TASK REQUIREMENTS:
What lines in the records include the string "layers"? Return each one.

RECORDS PROVIDED section start

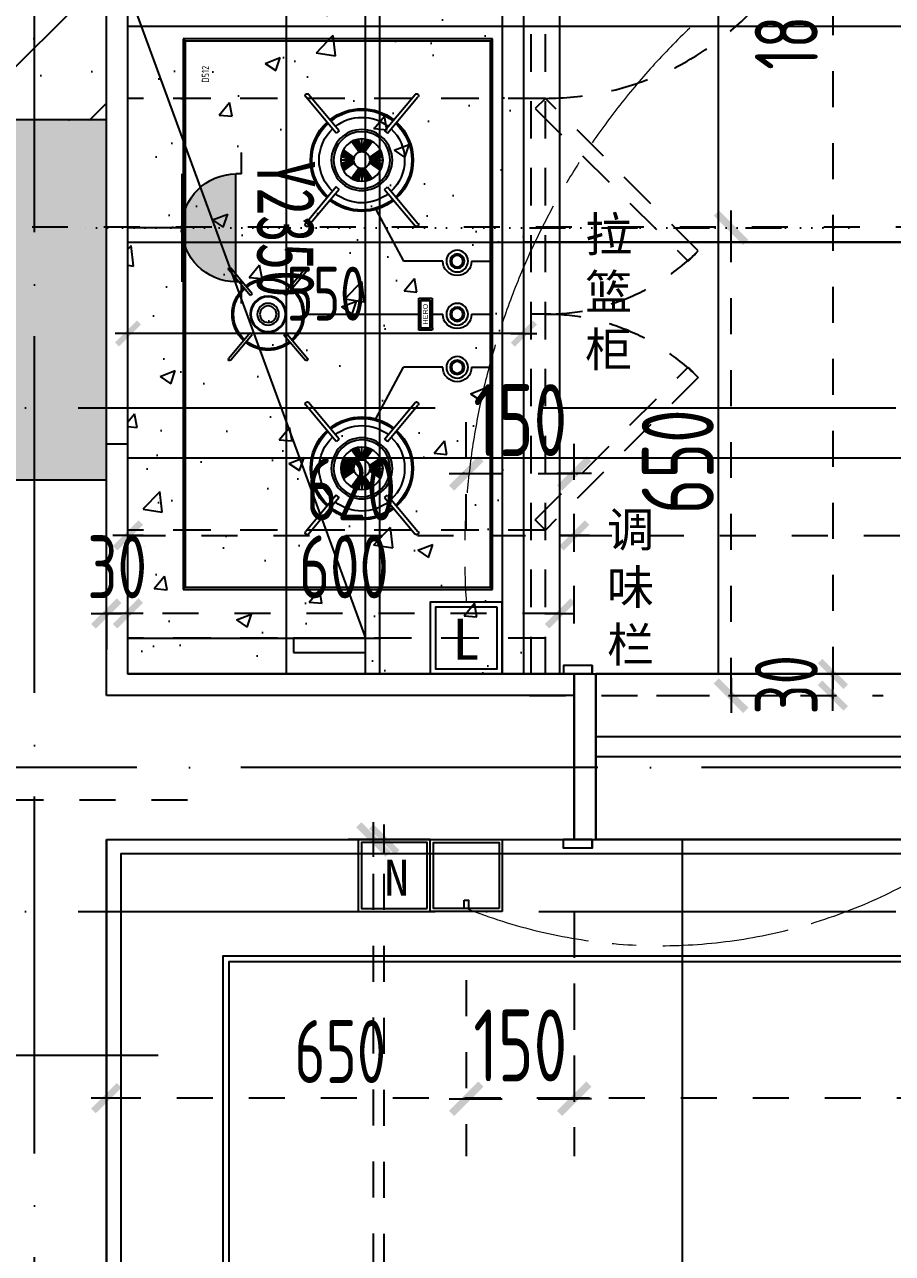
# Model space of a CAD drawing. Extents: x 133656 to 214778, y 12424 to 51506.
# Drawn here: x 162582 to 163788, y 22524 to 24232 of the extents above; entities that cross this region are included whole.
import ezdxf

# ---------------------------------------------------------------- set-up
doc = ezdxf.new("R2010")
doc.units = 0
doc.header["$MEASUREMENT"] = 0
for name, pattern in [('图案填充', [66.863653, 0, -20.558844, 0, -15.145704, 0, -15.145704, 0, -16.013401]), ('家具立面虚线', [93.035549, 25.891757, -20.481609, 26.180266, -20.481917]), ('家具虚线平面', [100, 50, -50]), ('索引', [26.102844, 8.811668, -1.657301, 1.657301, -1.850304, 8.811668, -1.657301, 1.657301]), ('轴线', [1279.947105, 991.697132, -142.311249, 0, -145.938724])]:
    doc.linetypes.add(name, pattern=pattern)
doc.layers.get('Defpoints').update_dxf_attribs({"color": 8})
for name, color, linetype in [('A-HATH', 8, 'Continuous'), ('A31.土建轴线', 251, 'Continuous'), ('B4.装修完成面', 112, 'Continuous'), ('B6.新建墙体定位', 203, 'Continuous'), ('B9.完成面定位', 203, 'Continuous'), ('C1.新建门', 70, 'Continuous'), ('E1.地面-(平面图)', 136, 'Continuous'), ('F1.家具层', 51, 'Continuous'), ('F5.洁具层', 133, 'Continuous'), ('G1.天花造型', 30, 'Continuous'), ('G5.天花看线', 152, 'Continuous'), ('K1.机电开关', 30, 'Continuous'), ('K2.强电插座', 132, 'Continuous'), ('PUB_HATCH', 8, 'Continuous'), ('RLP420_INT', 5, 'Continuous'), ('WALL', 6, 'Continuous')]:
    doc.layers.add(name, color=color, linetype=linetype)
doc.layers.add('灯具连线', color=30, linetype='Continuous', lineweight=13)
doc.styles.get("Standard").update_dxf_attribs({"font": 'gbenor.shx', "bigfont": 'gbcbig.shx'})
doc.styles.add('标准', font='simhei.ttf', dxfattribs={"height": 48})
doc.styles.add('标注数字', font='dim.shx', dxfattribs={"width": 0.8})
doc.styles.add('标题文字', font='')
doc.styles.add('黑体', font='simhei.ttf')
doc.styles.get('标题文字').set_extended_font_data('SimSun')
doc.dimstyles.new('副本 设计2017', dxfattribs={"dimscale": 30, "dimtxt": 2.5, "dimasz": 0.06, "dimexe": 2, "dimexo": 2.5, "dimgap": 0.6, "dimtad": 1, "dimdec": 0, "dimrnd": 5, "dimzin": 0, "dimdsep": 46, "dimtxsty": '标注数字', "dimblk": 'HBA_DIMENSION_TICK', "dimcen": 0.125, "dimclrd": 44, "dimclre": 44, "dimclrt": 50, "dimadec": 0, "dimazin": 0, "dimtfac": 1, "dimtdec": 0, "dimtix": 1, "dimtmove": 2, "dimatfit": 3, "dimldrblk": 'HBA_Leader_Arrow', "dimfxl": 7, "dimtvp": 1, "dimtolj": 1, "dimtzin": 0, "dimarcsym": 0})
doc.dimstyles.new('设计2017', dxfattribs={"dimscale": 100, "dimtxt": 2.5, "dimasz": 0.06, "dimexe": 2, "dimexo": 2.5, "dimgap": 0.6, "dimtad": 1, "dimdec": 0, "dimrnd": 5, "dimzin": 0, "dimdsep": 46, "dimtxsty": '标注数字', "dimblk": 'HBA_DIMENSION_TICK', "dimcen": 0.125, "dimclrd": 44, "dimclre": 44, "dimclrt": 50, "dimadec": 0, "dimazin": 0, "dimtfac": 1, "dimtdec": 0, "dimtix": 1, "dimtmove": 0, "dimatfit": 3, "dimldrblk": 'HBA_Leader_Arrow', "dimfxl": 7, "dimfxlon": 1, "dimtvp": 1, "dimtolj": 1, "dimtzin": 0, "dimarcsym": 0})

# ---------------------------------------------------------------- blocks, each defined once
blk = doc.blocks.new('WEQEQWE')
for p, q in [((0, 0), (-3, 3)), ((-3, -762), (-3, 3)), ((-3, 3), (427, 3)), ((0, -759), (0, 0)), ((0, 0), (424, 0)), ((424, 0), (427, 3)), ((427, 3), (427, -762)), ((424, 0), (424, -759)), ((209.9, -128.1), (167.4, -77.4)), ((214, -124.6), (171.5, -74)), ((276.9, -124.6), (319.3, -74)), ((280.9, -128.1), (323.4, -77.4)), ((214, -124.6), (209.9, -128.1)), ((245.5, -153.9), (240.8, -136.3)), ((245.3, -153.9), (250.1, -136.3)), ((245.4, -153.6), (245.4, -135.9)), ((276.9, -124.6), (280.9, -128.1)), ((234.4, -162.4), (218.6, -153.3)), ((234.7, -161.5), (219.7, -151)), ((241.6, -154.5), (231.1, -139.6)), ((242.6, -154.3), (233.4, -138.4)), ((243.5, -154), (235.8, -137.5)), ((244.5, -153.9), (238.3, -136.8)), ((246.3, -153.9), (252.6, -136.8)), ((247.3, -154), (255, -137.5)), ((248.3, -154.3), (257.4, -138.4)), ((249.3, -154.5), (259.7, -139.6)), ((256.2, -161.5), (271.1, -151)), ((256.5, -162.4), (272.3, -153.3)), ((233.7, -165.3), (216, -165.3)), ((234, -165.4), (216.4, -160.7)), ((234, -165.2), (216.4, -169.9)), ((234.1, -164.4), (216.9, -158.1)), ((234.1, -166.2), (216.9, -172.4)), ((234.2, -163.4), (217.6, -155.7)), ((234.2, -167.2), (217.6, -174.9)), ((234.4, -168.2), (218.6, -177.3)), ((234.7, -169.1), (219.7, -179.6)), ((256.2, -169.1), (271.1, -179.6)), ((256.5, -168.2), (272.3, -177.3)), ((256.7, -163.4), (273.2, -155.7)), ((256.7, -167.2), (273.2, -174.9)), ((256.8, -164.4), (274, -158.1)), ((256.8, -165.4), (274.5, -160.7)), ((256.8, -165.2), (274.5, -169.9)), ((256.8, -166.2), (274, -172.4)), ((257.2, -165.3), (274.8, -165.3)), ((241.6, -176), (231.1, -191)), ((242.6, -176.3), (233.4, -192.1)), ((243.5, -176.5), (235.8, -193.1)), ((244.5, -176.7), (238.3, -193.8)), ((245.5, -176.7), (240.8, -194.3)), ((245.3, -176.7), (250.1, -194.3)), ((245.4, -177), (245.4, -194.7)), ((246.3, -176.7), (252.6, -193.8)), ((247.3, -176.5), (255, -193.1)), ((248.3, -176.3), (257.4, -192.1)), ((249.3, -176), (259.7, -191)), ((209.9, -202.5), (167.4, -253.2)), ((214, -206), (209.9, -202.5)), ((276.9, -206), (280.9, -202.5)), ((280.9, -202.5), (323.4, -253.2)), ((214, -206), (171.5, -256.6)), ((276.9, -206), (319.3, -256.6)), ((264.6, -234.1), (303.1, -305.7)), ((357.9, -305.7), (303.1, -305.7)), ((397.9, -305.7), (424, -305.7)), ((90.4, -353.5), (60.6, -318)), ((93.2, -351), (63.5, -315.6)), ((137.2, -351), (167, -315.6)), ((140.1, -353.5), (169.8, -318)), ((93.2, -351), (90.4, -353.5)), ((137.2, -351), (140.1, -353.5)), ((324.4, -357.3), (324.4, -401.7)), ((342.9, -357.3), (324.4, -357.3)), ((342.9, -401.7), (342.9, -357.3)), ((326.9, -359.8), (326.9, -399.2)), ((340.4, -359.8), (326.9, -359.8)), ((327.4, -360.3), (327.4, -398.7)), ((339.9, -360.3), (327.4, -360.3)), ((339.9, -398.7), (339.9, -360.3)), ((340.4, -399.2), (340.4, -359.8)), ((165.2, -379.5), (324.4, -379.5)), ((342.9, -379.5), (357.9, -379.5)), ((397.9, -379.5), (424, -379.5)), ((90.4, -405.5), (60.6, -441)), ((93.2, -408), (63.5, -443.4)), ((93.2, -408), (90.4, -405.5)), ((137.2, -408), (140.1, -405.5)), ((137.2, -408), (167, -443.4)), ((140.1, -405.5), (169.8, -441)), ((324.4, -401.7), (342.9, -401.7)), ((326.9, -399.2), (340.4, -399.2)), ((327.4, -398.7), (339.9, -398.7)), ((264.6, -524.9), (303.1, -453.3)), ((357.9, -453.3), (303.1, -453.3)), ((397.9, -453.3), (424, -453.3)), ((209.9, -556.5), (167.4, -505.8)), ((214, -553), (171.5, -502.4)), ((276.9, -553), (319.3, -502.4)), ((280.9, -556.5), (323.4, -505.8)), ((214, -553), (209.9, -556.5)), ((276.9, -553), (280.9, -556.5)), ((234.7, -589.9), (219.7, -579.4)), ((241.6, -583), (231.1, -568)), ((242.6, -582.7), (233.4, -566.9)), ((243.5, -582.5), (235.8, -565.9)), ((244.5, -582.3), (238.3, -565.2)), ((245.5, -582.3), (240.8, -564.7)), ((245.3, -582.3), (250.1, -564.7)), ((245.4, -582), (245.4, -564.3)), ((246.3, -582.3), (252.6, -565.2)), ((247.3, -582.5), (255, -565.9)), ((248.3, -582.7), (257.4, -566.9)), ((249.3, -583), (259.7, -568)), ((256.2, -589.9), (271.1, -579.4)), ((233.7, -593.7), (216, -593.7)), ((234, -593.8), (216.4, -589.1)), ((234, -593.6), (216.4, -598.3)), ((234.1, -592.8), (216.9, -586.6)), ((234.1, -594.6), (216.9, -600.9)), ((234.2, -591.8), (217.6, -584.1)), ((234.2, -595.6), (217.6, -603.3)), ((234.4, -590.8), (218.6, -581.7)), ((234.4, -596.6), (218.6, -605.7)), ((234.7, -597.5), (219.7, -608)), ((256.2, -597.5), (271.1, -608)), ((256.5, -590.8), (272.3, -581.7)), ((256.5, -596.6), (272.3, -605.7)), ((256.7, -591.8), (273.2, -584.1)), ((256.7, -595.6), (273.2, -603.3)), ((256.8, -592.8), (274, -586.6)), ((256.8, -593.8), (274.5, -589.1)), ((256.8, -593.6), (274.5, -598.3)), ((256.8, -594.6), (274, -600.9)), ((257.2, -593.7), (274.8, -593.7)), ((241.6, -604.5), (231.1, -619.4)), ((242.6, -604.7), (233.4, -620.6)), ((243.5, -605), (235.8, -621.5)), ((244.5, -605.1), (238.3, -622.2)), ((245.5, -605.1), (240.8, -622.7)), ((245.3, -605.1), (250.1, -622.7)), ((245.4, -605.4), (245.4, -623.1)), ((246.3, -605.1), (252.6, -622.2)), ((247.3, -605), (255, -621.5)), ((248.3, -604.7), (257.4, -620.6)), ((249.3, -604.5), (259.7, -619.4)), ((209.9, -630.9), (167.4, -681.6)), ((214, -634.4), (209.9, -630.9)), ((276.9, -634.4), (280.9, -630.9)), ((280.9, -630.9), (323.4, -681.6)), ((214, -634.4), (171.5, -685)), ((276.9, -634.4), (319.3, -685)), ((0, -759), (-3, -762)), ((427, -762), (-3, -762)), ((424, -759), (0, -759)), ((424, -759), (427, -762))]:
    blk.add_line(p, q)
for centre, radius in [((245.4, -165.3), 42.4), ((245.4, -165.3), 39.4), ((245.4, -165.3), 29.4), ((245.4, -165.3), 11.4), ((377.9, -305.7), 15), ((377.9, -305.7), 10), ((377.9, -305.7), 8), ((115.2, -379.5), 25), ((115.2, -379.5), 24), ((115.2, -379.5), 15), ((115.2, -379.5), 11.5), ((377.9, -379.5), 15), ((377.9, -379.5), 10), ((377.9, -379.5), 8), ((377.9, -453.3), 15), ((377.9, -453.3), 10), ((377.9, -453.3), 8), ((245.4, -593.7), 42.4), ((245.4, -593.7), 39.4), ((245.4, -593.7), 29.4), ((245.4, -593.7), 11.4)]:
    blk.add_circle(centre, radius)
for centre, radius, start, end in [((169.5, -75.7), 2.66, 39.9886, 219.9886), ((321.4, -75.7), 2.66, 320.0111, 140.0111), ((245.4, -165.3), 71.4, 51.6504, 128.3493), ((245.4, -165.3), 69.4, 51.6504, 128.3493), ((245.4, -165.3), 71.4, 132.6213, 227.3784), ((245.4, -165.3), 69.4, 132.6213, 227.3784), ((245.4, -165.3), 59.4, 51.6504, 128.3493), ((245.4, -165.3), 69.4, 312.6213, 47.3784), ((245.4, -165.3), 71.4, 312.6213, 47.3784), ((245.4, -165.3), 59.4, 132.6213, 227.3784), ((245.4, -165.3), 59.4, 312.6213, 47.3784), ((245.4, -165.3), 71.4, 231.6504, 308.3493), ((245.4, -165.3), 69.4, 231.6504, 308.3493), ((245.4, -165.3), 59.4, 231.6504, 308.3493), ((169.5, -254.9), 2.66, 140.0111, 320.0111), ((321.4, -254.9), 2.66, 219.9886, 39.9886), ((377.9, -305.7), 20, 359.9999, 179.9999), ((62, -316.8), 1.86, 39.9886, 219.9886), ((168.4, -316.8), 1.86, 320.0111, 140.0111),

RECORDS PROVIDED section end

YOUR SOLUTION:
doc.layers.get('Defpoints').update_dxf_attribs({"color": 8})
    doc.layers.add(name, color=color, linetype=linetype)
doc.layers.add('灯具连线', color=30, linetype='Continuous', lineweight=13)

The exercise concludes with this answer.